EXERCISE MATERIALS ::
[Start of section]

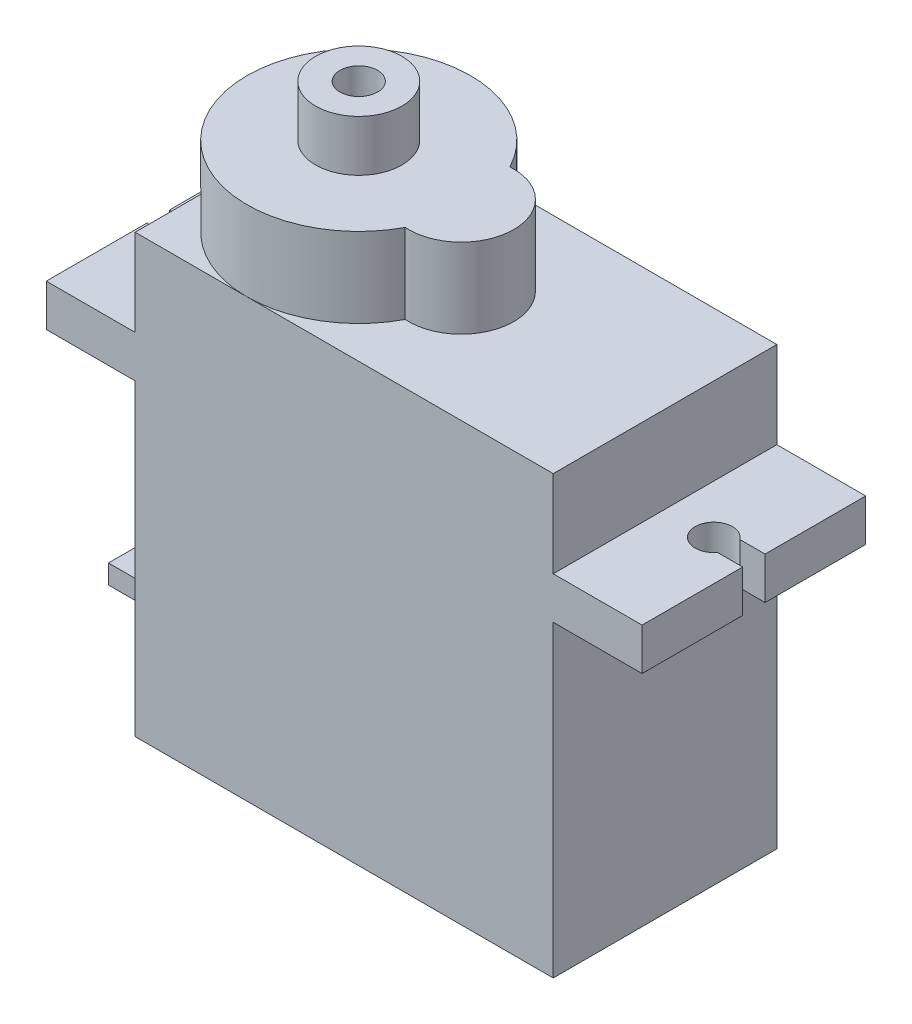
ISO-10303-21;
HEADER;
FILE_DESCRIPTION(('STEP AP214'),'2;1');
FILE_NAME('part.step','',(''),(''),'','','');
FILE_SCHEMA(('AUTOMOTIVE_DESIGN { 1 0 10303 214 1 1 1 1 }'));
ENDSEC;
DATA;
#1=APPLICATION_CONTEXT('core data for automotive mechanical design processes');
#2=APPLICATION_PROTOCOL_DEFINITION('international standard','automotive_design',2000,#1);
#3=PRODUCT_CONTEXT('',#1,'mechanical');
#4=PRODUCT('Part','Part','',(#3));
#5=PRODUCT_RELATED_PRODUCT_CATEGORY('part','',(#4));
#6=PRODUCT_DEFINITION_FORMATION('','',#4);
#7=PRODUCT_DEFINITION_CONTEXT('part definition',#1,'design');
#8=PRODUCT_DEFINITION('design','',#6,#7);
#9=PRODUCT_DEFINITION_SHAPE('','',#8);
#10=(LENGTH_UNIT() NAMED_UNIT(*) SI_UNIT(.MILLI.,.METRE.));
#11=(NAMED_UNIT(*) PLANE_ANGLE_UNIT() SI_UNIT($,.RADIAN.));
#12=(NAMED_UNIT(*) SI_UNIT($,.STERADIAN.) SOLID_ANGLE_UNIT());
#13=UNCERTAINTY_MEASURE_WITH_UNIT(LENGTH_MEASURE(1.E-05),#10,'distance_accuracy_value','');
#14=(GEOMETRIC_REPRESENTATION_CONTEXT(3) GLOBAL_UNCERTAINTY_ASSIGNED_CONTEXT((#13)) GLOBAL_UNIT_ASSIGNED_CONTEXT((#10,
#11,#12)) REPRESENTATION_CONTEXT('',''));
#15=CARTESIAN_POINT('',(0.,0.,0.));
#16=DIRECTION('',(0.,0.,1.));
#17=DIRECTION('',(1.,0.,0.));
#18=AXIS2_PLACEMENT_3D('',#15,#16,#17);
#19=CARTESIAN_POINT('',(0.,23.79,0.));
#20=DIRECTION('',(1.,0.,0.));
#21=DIRECTION('',(0.,0.,-1.));
#22=AXIS2_PLACEMENT_3D('',#19,#20,#21);
#23=PLANE('',#22);
#24=DIRECTION('',(0.,-1.,0.));
#25=VECTOR('',#24,1.);
#26=CARTESIAN_POINT('',(0.,23.79,0.));
#27=LINE('',#26,#25);
#28=CARTESIAN_POINT('',(0.,16.7796,0.));
#29=VERTEX_POINT('',#28);
#30=CARTESIAN_POINT('',(0.,0.,0.));
#31=VERTEX_POINT('',#30);
#32=EDGE_CURVE('E408',#29,#31,#27,.T.);
#33=ORIENTED_EDGE('',*,*,#32,.F.);
#34=DIRECTION('',(0.,0.,-1.));
#35=VECTOR('',#34,1.);
#36=CARTESIAN_POINT('',(0.,16.7796,0.));
#37=LINE('',#36,#35);
#38=CARTESIAN_POINT('',(0.,16.7796,-12.18));
#39=VERTEX_POINT('',#38);
#40=EDGE_CURVE('E370',#29,#39,#37,.T.);
#41=ORIENTED_EDGE('',*,*,#40,.T.);
#42=DIRECTION('',(0.,-1.,0.));
#43=VECTOR('',#42,1.);
#44=CARTESIAN_POINT('',(0.,23.79,-12.18));
#45=LINE('',#44,#43);
#46=CARTESIAN_POINT('',(0.,0.,-12.18));
#47=VERTEX_POINT('',#46);
#48=EDGE_CURVE('E387',#39,#47,#45,.T.);
#49=ORIENTED_EDGE('',*,*,#48,.T.);
#50=DIRECTION('',(0.,0.,1.));
#51=VECTOR('',#50,1.);
#52=CARTESIAN_POINT('',(0.,0.,0.));
#53=LINE('',#52,#51);
#54=EDGE_CURVE('E372',#47,#31,#53,.T.);
#55=ORIENTED_EDGE('',*,*,#54,.T.);
#56=EDGE_LOOP('',(#33,#41,#49,#55));
#57=FACE_BOUND('',#56,.T.);
#58=DIRECTION('',(0.,-1.,0.));
#59=VECTOR('',#58,1.);
#60=CARTESIAN_POINT('',(0.,1.78,-7.5378));
#61=LINE('',#60,#59);
#62=CARTESIAN_POINT('',(0.,2.8214,-7.5378));
#63=VERTEX_POINT('',#62);
#64=CARTESIAN_POINT('',(0.,1.78,-7.5378));
#65=VERTEX_POINT('',#64);
#66=EDGE_CURVE('E228',#63,#65,#61,.T.);
#67=ORIENTED_EDGE('',*,*,#66,.F.);
#68=DIRECTION('',(0.,0.,-1.));
#69=VECTOR('',#68,1.);
#70=CARTESIAN_POINT('',(0.,2.8214,-7.5378));
#71=LINE('',#70,#69);
#72=CARTESIAN_POINT('',(0.,2.8214,-4.6422));
#73=VERTEX_POINT('',#72);
#74=EDGE_CURVE('E240',#73,#63,#71,.T.);
#75=ORIENTED_EDGE('',*,*,#74,.F.);
#76=DIRECTION('',(0.,1.,0.));
#77=VECTOR('',#76,1.);
#78=CARTESIAN_POINT('',(0.,1.78,-4.6422));
#79=LINE('',#78,#77);
#80=CARTESIAN_POINT('',(0.,1.78,-4.6422));
#81=VERTEX_POINT('',#80);
#82=EDGE_CURVE('E57',#81,#73,#79,.T.);
#83=ORIENTED_EDGE('',*,*,#82,.F.);
#84=DIRECTION('',(0.,0.,1.));
#85=VECTOR('',#84,1.);
#86=CARTESIAN_POINT('',(0.,1.78,-7.5378));
#87=LINE('',#86,#85);
#88=EDGE_CURVE('E52',#65,#81,#87,.T.);
#89=ORIENTED_EDGE('',*,*,#88,.F.);
#90=EDGE_LOOP('',(#67,#75,#83,#89));
#91=FACE_BOUND('',#90,.T.);
#92=ADVANCED_FACE('F35',(#57,#91),#23,.F.);
#93=CARTESIAN_POINT('',(0.,23.79,0.));
#94=DIRECTION('',(0.,-1.,0.));
#95=DIRECTION('',(0.,0.,-1.));
#96=AXIS2_PLACEMENT_3D('',#93,#94,#95);
#97=PLANE('',#96);
#98=CARTESIAN_POINT('',(11.6713,23.79,-6.09));
#99=DIRECTION('',(0.,1.,0.));
#100=DIRECTION('',(0.,0.,1.));
#101=AXIS2_PLACEMENT_3D('',#98,#99,#100);
#102=CIRCLE('',#101,2.8575);
#103=CARTESIAN_POINT('',(11.471694537115,23.79,-3.23948006335924));
#104=VERTEX_POINT('',#103);
#105=CARTESIAN_POINT('',(11.471694537115,23.79,-8.94051993664077));
#106=VERTEX_POINT('',#105);
#107=EDGE_CURVE('E265',#104,#106,#102,.T.);
#108=ORIENTED_EDGE('',*,*,#107,.F.);
#109=CARTESIAN_POINT('',(6.09,23.79,-6.09));
#110=DIRECTION('',(0.,1.,0.));
#111=DIRECTION('',(0.,0.,1.));
#112=AXIS2_PLACEMENT_3D('',#109,#110,#111);
#113=CIRCLE('',#112,6.09);
#114=CARTESIAN_POINT('',(6.09,23.79,0.));
#115=VERTEX_POINT('',#114);
#116=EDGE_CURVE('E277',#115,#104,#113,.T.);
#117=ORIENTED_EDGE('',*,*,#116,.F.);
#118=DIRECTION('',(1.,0.,0.));
#119=VECTOR('',#118,1.);
#120=CARTESIAN_POINT('',(0.,23.79,0.));
#121=LINE('',#120,#119);
#122=CARTESIAN_POINT('',(22.7711,23.79,0.));
#123=VERTEX_POINT('',#122);
#124=EDGE_CURVE('E376',#115,#123,#121,.T.);
#125=ORIENTED_EDGE('',*,*,#124,.T.);
#126=DIRECTION('',(0.,0.,-1.));
#127=VECTOR('',#126,1.);
#128=CARTESIAN_POINT('',(22.7711,23.79,0.));
#129=LINE('',#128,#127);
#130=CARTESIAN_POINT('',(22.7711,23.79,-12.18));
#131=VERTEX_POINT('',#130);
#132=EDGE_CURVE('E381',#123,#131,#129,.T.);
#133=ORIENTED_EDGE('',*,*,#132,.T.);
#134=DIRECTION('',(-1.,0.,0.));
#135=VECTOR('',#134,1.);
#136=CARTESIAN_POINT('',(0.,23.79,-12.18));
#137=LINE('',#136,#135);
#138=CARTESIAN_POINT('',(6.09,23.79,-12.18));
#139=VERTEX_POINT('',#138);
#140=EDGE_CURVE('E384',#131,#139,#137,.T.);
#141=ORIENTED_EDGE('',*,*,#140,.T.);
#142=EDGE_CURVE('E45',#106,#139,#113,.T.);
#143=ORIENTED_EDGE('',*,*,#142,.F.);
#144=EDGE_LOOP('',(#108,#117,#125,#133,#141,#143));
#145=FACE_BOUND('',#144,.T.);
#146=ADVANCED_FACE('F462',(#145),#97,.F.);
#147=CARTESIAN_POINT('',(0.,23.79,-6.09));
#148=VERTEX_POINT('',#147);
#149=EDGE_CURVE('E11',#139,#148,#113,.T.);
#150=ORIENTED_EDGE('',*,*,#149,.F.);
#151=CARTESIAN_POINT('',(0.,23.79,-12.18));
#152=VERTEX_POINT('',#151);
#153=EDGE_CURVE('E383',#139,#152,#137,.T.);
#154=ORIENTED_EDGE('',*,*,#153,.T.);
#155=DIRECTION('',(0.,0.,1.));
#156=VECTOR('',#155,1.);
#157=CARTESIAN_POINT('',(0.,23.79,0.));
#158=LINE('',#157,#156);
#159=EDGE_CURVE('E373',#152,#148,#158,.T.);
#160=ORIENTED_EDGE('',*,*,#159,.T.);
#161=EDGE_LOOP('',(#150,#154,#160));
#162=FACE_BOUND('',#161,.T.);
#163=ADVANCED_FACE('F439',(#162),#97,.F.);
#164=CARTESIAN_POINT('',(27.6098,16.7796,0.));
#165=DIRECTION('',(1.,0.,0.));
#166=DIRECTION('',(0.,0.,-1.));
#167=AXIS2_PLACEMENT_3D('',#164,#165,#166);
#168=PLANE('',#167);
#169=DIRECTION('',(0.,1.,0.));
#170=VECTOR('',#169,1.);
#171=CARTESIAN_POINT('',(27.6098,0.,-6.6996));
#172=LINE('',#171,#170);
#173=CARTESIAN_POINT('',(27.6098,16.7796,-6.6996));
#174=VERTEX_POINT('',#173);
#175=CARTESIAN_POINT('',(27.6098,19.0656,-6.6996));
#176=VERTEX_POINT('',#175);
#177=EDGE_CURVE('E295',#174,#176,#172,.T.);
#178=ORIENTED_EDGE('',*,*,#177,.F.);
#179=DIRECTION('',(0.,0.,-1.));
#180=VECTOR('',#179,1.);
#181=CARTESIAN_POINT('',(27.6098,16.7796,0.));
#182=LINE('',#181,#180);
#183=CARTESIAN_POINT('',(27.6098,16.7796,-12.18));
#184=VERTEX_POINT('',#183);
#185=EDGE_CURVE('E327',#174,#184,#182,.T.);
#186=ORIENTED_EDGE('',*,*,#185,.T.);
#187=DIRECTION('',(0.,1.,0.));
#188=VECTOR('',#187,1.);
#189=CARTESIAN_POINT('',(27.6098,16.7796,-12.18));
#190=LINE('',#189,#188);
#191=CARTESIAN_POINT('',(27.6098,19.0656,-12.18));
#192=VERTEX_POINT('',#191);
#193=EDGE_CURVE('E355',#184,#192,#190,.T.);
#194=ORIENTED_EDGE('',*,*,#193,.T.);
#195=DIRECTION('',(0.,0.,-1.));
#196=VECTOR('',#195,1.);
#197=CARTESIAN_POINT('',(27.6098,19.0656,0.));
#198=LINE('',#197,#196);
#199=EDGE_CURVE('E343',#176,#192,#198,.T.);
#200=ORIENTED_EDGE('',*,*,#199,.F.);
#201=EDGE_LOOP('',(#178,#186,#194,#200));
#202=FACE_BOUND('',#201,.T.);
#203=ADVANCED_FACE('F499',(#202),#168,.T.);
#204=CARTESIAN_POINT('',(-4.8387,16.7796,0.));
#205=DIRECTION('',(-1.,0.,0.));
#206=DIRECTION('',(0.,0.,1.));
#207=AXIS2_PLACEMENT_3D('',#204,#205,#206);
#208=PLANE('',#207);
#209=DIRECTION('',(0.,-1.,0.));
#210=VECTOR('',#209,1.);
#211=CARTESIAN_POINT('',(-4.8387,16.7796,-6.6996));
#212=LINE('',#211,#210);
#213=CARTESIAN_POINT('',(-4.8387,19.0656,-6.6996));
#214=VERTEX_POINT('',#213);
#215=CARTESIAN_POINT('',(-4.8387,16.7796,-6.6996));
#216=VERTEX_POINT('',#215);
#217=EDGE_CURVE('E414',#214,#216,#212,.T.);
#218=ORIENTED_EDGE('',*,*,#217,.F.);
#219=DIRECTION('',(0.,0.,1.));
#220=VECTOR('',#219,1.);
#221=CARTESIAN_POINT('',(-4.8387,19.0656,0.));
#222=LINE('',#221,#220);
#223=CARTESIAN_POINT('',(-4.8387,19.0656,-12.18));
#224=VERTEX_POINT('',#223);
#225=EDGE_CURVE('E336',#224,#214,#222,.T.);
#226=ORIENTED_EDGE('',*,*,#225,.F.);
#227=DIRECTION('',(0.,1.,0.));
#228=VECTOR('',#227,1.);
#229=CARTESIAN_POINT('',(-4.8387,16.7796,-12.18));
#230=LINE('',#229,#228);
#231=CARTESIAN_POINT('',(-4.8387,16.7796,-12.18));
#232=VERTEX_POINT('',#231);
#233=EDGE_CURVE('E351',#232,#224,#230,.T.);
#234=ORIENTED_EDGE('',*,*,#233,.F.);
#235=DIRECTION('',(0.,0.,1.));
#236=VECTOR('',#235,1.);
#237=CARTESIAN_POINT('',(-4.8387,16.7796,0.));
#238=LINE('',#237,#236);
#239=EDGE_CURVE('E319',#232,#216,#238,.T.);
#240=ORIENTED_EDGE('',*,*,#239,.T.);
#241=EDGE_LOOP('',(#218,#226,#234,#240));
#242=FACE_BOUND('',#241,.T.);
#243=ADVANCED_FACE('F491',(#242),#208,.T.);
#244=DIRECTION('',(0.,0.,-1.));
#245=VECTOR('',#244,1.);
#246=CARTESIAN_POINT('',(0.,19.0656,0.));
#247=LINE('',#246,#245);
#248=CARTESIAN_POINT('',(0.,19.0656,0.));
#249=VERTEX_POINT('',#248);
#250=CARTESIAN_POINT('',(0.,19.0656,-12.18));
#251=VERTEX_POINT('',#250);
#252=EDGE_CURVE('E365',#249,#251,#247,.T.);
#253=ORIENTED_EDGE('',*,*,#252,.F.);
#254=CARTESIAN_POINT('',(0.,23.79,0.));
#255=VERTEX_POINT('',#254);
#256=EDGE_CURVE('E409',#255,#249,#27,.T.);
#257=ORIENTED_EDGE('',*,*,#256,.F.);
#258=EDGE_CURVE('E377',#148,#255,#158,.T.);
#259=ORIENTED_EDGE('',*,*,#258,.F.);
#260=ORIENTED_EDGE('',*,*,#159,.F.);
#261=EDGE_CURVE('E399',#152,#251,#45,.T.);
#262=ORIENTED_EDGE('',*,*,#261,.T.);
#263=EDGE_LOOP('',(#253,#257,#259,#260,#262));
#264=FACE_BOUND('',#263,.T.);
#265=ADVANCED_FACE('F437',(#264),#23,.F.);
#266=CARTESIAN_POINT('',(22.7711,23.79,0.));
#267=DIRECTION('',(-1.,0.,0.));
#268=DIRECTION('',(0.,0.,1.));
#269=AXIS2_PLACEMENT_3D('',#266,#267,#268);
#270=PLANE('',#269);
#271=DIRECTION('',(0.,0.,1.));
#272=VECTOR('',#271,1.);
#273=CARTESIAN_POINT('',(22.7711,19.0656,0.));
#274=LINE('',#273,#272);
#275=CARTESIAN_POINT('',(22.7711,19.0656,-12.18));
#276=VERTEX_POINT('',#275);
#277=CARTESIAN_POINT('',(22.7711,19.0656,0.));
#278=VERTEX_POINT('',#277);
#279=EDGE_CURVE('E354',#276,#278,#274,.T.);
#280=ORIENTED_EDGE('',*,*,#279,.F.);
#281=DIRECTION('',(0.,-1.,0.));
#282=VECTOR('',#281,1.);
#283=CARTESIAN_POINT('',(22.7711,23.79,-12.18));
#284=LINE('',#283,#282);
#285=EDGE_CURVE('E402',#131,#276,#284,.T.);
#286=ORIENTED_EDGE('',*,*,#285,.F.);
#287=ORIENTED_EDGE('',*,*,#132,.F.);
#288=DIRECTION('',(0.,-1.,0.));
#289=VECTOR('',#288,1.);
#290=CARTESIAN_POINT('',(22.7711,23.79,0.));
#291=LINE('',#290,#289);
#292=EDGE_CURVE('E406',#123,#278,#291,.T.);
#293=ORIENTED_EDGE('',*,*,#292,.T.);
#294=EDGE_LOOP('',(#280,#286,#287,#293));
#295=FACE_BOUND('',#294,.T.);
#296=ADVANCED_FACE('F490',(#295),#270,.F.);
#297=CARTESIAN_POINT('',(0.,23.79,0.));
#298=DIRECTION('',(0.,0.,-1.));
#299=DIRECTION('',(-1.,0.,0.));
#300=AXIS2_PLACEMENT_3D('',#297,#298,#299);
#301=PLANE('',#300);
#302=CARTESIAN_POINT('',(22.7711,16.7796,0.));
#303=VERTEX_POINT('',#302);
#304=CARTESIAN_POINT('',(22.7711,0.,0.));
#305=VERTEX_POINT('',#304);
#306=EDGE_CURVE('E405',#303,#305,#291,.T.);
#307=ORIENTED_EDGE('',*,*,#306,.F.);
#308=DIRECTION('',(1.,0.,0.));
#309=VECTOR('',#308,1.);
#310=CARTESIAN_POINT('',(-4.8387,16.7796,0.));
#311=LINE('',#310,#309);
#312=CARTESIAN_POINT('',(27.6098,16.7796,0.));
#313=VERTEX_POINT('',#312);
#314=EDGE_CURVE('E322',#303,#313,#311,.T.);
#315=ORIENTED_EDGE('',*,*,#314,.T.);
#316=DIRECTION('',(0.,1.,0.));
#317=VECTOR('',#316,1.);
#318=CARTESIAN_POINT('',(27.6098,16.7796,0.));
#319=LINE('',#318,#317);
#320=CARTESIAN_POINT('',(27.6098,19.0656,0.));
#321=VERTEX_POINT('',#320);
#322=EDGE_CURVE('E358',#313,#321,#319,.T.);
#323=ORIENTED_EDGE('',*,*,#322,.T.);
#324=DIRECTION('',(1.,0.,0.));
#325=VECTOR('',#324,1.);
#326=CARTESIAN_POINT('',(-4.8387,19.0656,0.));
#327=LINE('',#326,#325);
#328=EDGE_CURVE('E339',#278,#321,#327,.T.);
#329=ORIENTED_EDGE('',*,*,#328,.F.);
#330=ORIENTED_EDGE('',*,*,#292,.F.);
#331=ORIENTED_EDGE('',*,*,#124,.F.);
#332=EDGE_CURVE('E378',#255,#115,#121,.T.);
#333=ORIENTED_EDGE('',*,*,#332,.F.);
#334=ORIENTED_EDGE('',*,*,#256,.T.);
#335=CARTESIAN_POINT('',(-4.8387,19.0656,0.));
#336=VERTEX_POINT('',#335);
#337=EDGE_CURVE('E340',#336,#249,#327,.T.);
#338=ORIENTED_EDGE('',*,*,#337,.F.);
#339=DIRECTION('',(0.,1.,0.));
#340=VECTOR('',#339,1.);
#341=CARTESIAN_POINT('',(-4.8387,16.7796,0.));
#342=LINE('',#341,#340);
#343=CARTESIAN_POINT('',(-4.8387,16.7796,0.));
#344=VERTEX_POINT('',#343);
#345=EDGE_CURVE('E335',#344,#336,#342,.T.);
#346=ORIENTED_EDGE('',*,*,#345,.F.);
#347=EDGE_CURVE('E324',#344,#29,#311,.T.);
#348=ORIENTED_EDGE('',*,*,#347,.T.);
#349=ORIENTED_EDGE('',*,*,#32,.T.);
#350=DIRECTION('',(1.,0.,0.));
#351=VECTOR('',#350,1.);
#352=CARTESIAN_POINT('',(0.,0.,0.));
#353=LINE('',#352,#351);
#354=EDGE_CURVE('E390',#31,#305,#353,.T.);
#355=ORIENTED_EDGE('',*,*,#354,.T.);
#356=EDGE_LOOP('',(#307,#315,#323,#329,#330,#331,#333,#334,#338,#346,#348,#349,#355));
#357=FACE_BOUND('',#356,.T.);
#358=ADVANCED_FACE('F455',(#357),#301,.F.);
#359=CARTESIAN_POINT('',(22.7711,16.7796,-12.18));
#360=VERTEX_POINT('',#359);
#361=CARTESIAN_POINT('',(22.7711,0.,-12.18));
#362=VERTEX_POINT('',#361);
#363=EDGE_CURVE('E401',#360,#362,#284,.T.);
#364=ORIENTED_EDGE('',*,*,#363,.F.);
#365=DIRECTION('',(0.,0.,1.));
#366=VECTOR('',#365,1.);
#367=CARTESIAN_POINT('',(22.7711,16.7796,0.));
#368=LINE('',#367,#366);
#369=EDGE_CURVE('E368',#360,#303,#368,.T.);
#370=ORIENTED_EDGE('',*,*,#369,.T.);
#371=ORIENTED_EDGE('',*,*,#306,.T.);
#372=DIRECTION('',(0.,0.,-1.));
#373=VECTOR('',#372,1.);
#374=CARTESIAN_POINT('',(22.7711,0.,0.));
#375=LINE('',#374,#373);
#376=EDGE_CURVE('E393',#305,#362,#375,.T.);
#377=ORIENTED_EDGE('',*,*,#376,.T.);
#378=EDGE_LOOP('',(#364,#370,#371,#377));
#379=FACE_BOUND('',#378,.T.);
#380=ADVANCED_FACE('F498',(#379),#270,.F.);
#381=CARTESIAN_POINT('',(0.,23.79,-12.18));
#382=DIRECTION('',(0.,0.,1.));
#383=DIRECTION('',(1.,0.,0.));
#384=AXIS2_PLACEMENT_3D('',#381,#382,#383);
#385=PLANE('',#384);
#386=ORIENTED_EDGE('',*,*,#48,.F.);
#387=DIRECTION('',(-1.,0.,0.));
#388=VECTOR('',#387,1.);
#389=CARTESIAN_POINT('',(-4.8387,16.7796,-12.18));
#390=LINE('',#389,#388);
#391=EDGE_CURVE('E331',#39,#232,#390,.T.);
#392=ORIENTED_EDGE('',*,*,#391,.T.);
#393=ORIENTED_EDGE('',*,*,#233,.T.);
#394=DIRECTION('',(-1.,0.,0.));
#395=VECTOR('',#394,1.);
#396=CARTESIAN_POINT('',(-4.8387,19.0656,-12.18));
#397=LINE('',#396,#395);
#398=EDGE_CURVE('E347',#251,#224,#397,.T.);
#399=ORIENTED_EDGE('',*,*,#398,.F.);
#400=ORIENTED_EDGE('',*,*,#261,.F.);
#401=ORIENTED_EDGE('',*,*,#153,.F.);
#402=ORIENTED_EDGE('',*,*,#140,.F.);
#403=ORIENTED_EDGE('',*,*,#285,.T.);
#404=EDGE_CURVE('E348',#192,#276,#397,.T.);
#405=ORIENTED_EDGE('',*,*,#404,.F.);
#406=ORIENTED_EDGE('',*,*,#193,.F.);
#407=EDGE_CURVE('E332',#184,#360,#390,.T.);
#408=ORIENTED_EDGE('',*,*,#407,.T.);
#409=ORIENTED_EDGE('',*,*,#363,.T.);
#410=DIRECTION('',(-1.,0.,0.));
#411=VECTOR('',#410,1.);
#412=CARTESIAN_POINT('',(0.,0.,-12.18));
#413=LINE('',#412,#411);
#414=EDGE_CURVE('E396',#362,#47,#413,.T.);
#415=ORIENTED_EDGE('',*,*,#414,.T.);
#416=EDGE_LOOP('',(#386,#392,#393,#399,#400,#401,#402,#403,#405,#406,#408,#409,#415));
#417=FACE_BOUND('',#416,.T.);
#418=ADVANCED_FACE('F446',(#417),#385,.F.);
#419=EDGE_CURVE('E43',#148,#115,#113,.T.);
#420=ORIENTED_EDGE('',*,*,#419,.F.);
#421=ORIENTED_EDGE('',*,*,#258,.T.);
#422=ORIENTED_EDGE('',*,*,#332,.T.);
#423=EDGE_LOOP('',(#420,#421,#422));
#424=FACE_BOUND('',#423,.T.);
#425=ADVANCED_FACE('F432',(#424),#97,.F.);
#426=CARTESIAN_POINT('',(0.,0.,0.));
#427=DIRECTION('',(0.,-1.,0.));
#428=DIRECTION('',(0.,0.,-1.));
#429=AXIS2_PLACEMENT_3D('',#426,#427,#428);
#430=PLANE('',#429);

[End of section]

All lines in the listing above from the line containing "#402=ORIENTED_EDGE('',*,*,#140,.F.);" to the line containing "#410=DIRECTION('',(-1.,0.,0.));", inclusive, should be retyped exactly; no other lines should appear.

EXERCISE SOLUTION ::
#402=ORIENTED_EDGE('',*,*,#140,.F.);
#403=ORIENTED_EDGE('',*,*,#285,.T.);
#404=EDGE_CURVE('E348',#192,#276,#397,.T.);
#405=ORIENTED_EDGE('',*,*,#404,.F.);
#406=ORIENTED_EDGE('',*,*,#193,.F.);
#407=EDGE_CURVE('E332',#184,#360,#390,.T.);
#408=ORIENTED_EDGE('',*,*,#407,.T.);
#409=ORIENTED_EDGE('',*,*,#363,.T.);
#410=DIRECTION('',(-1.,0.,0.));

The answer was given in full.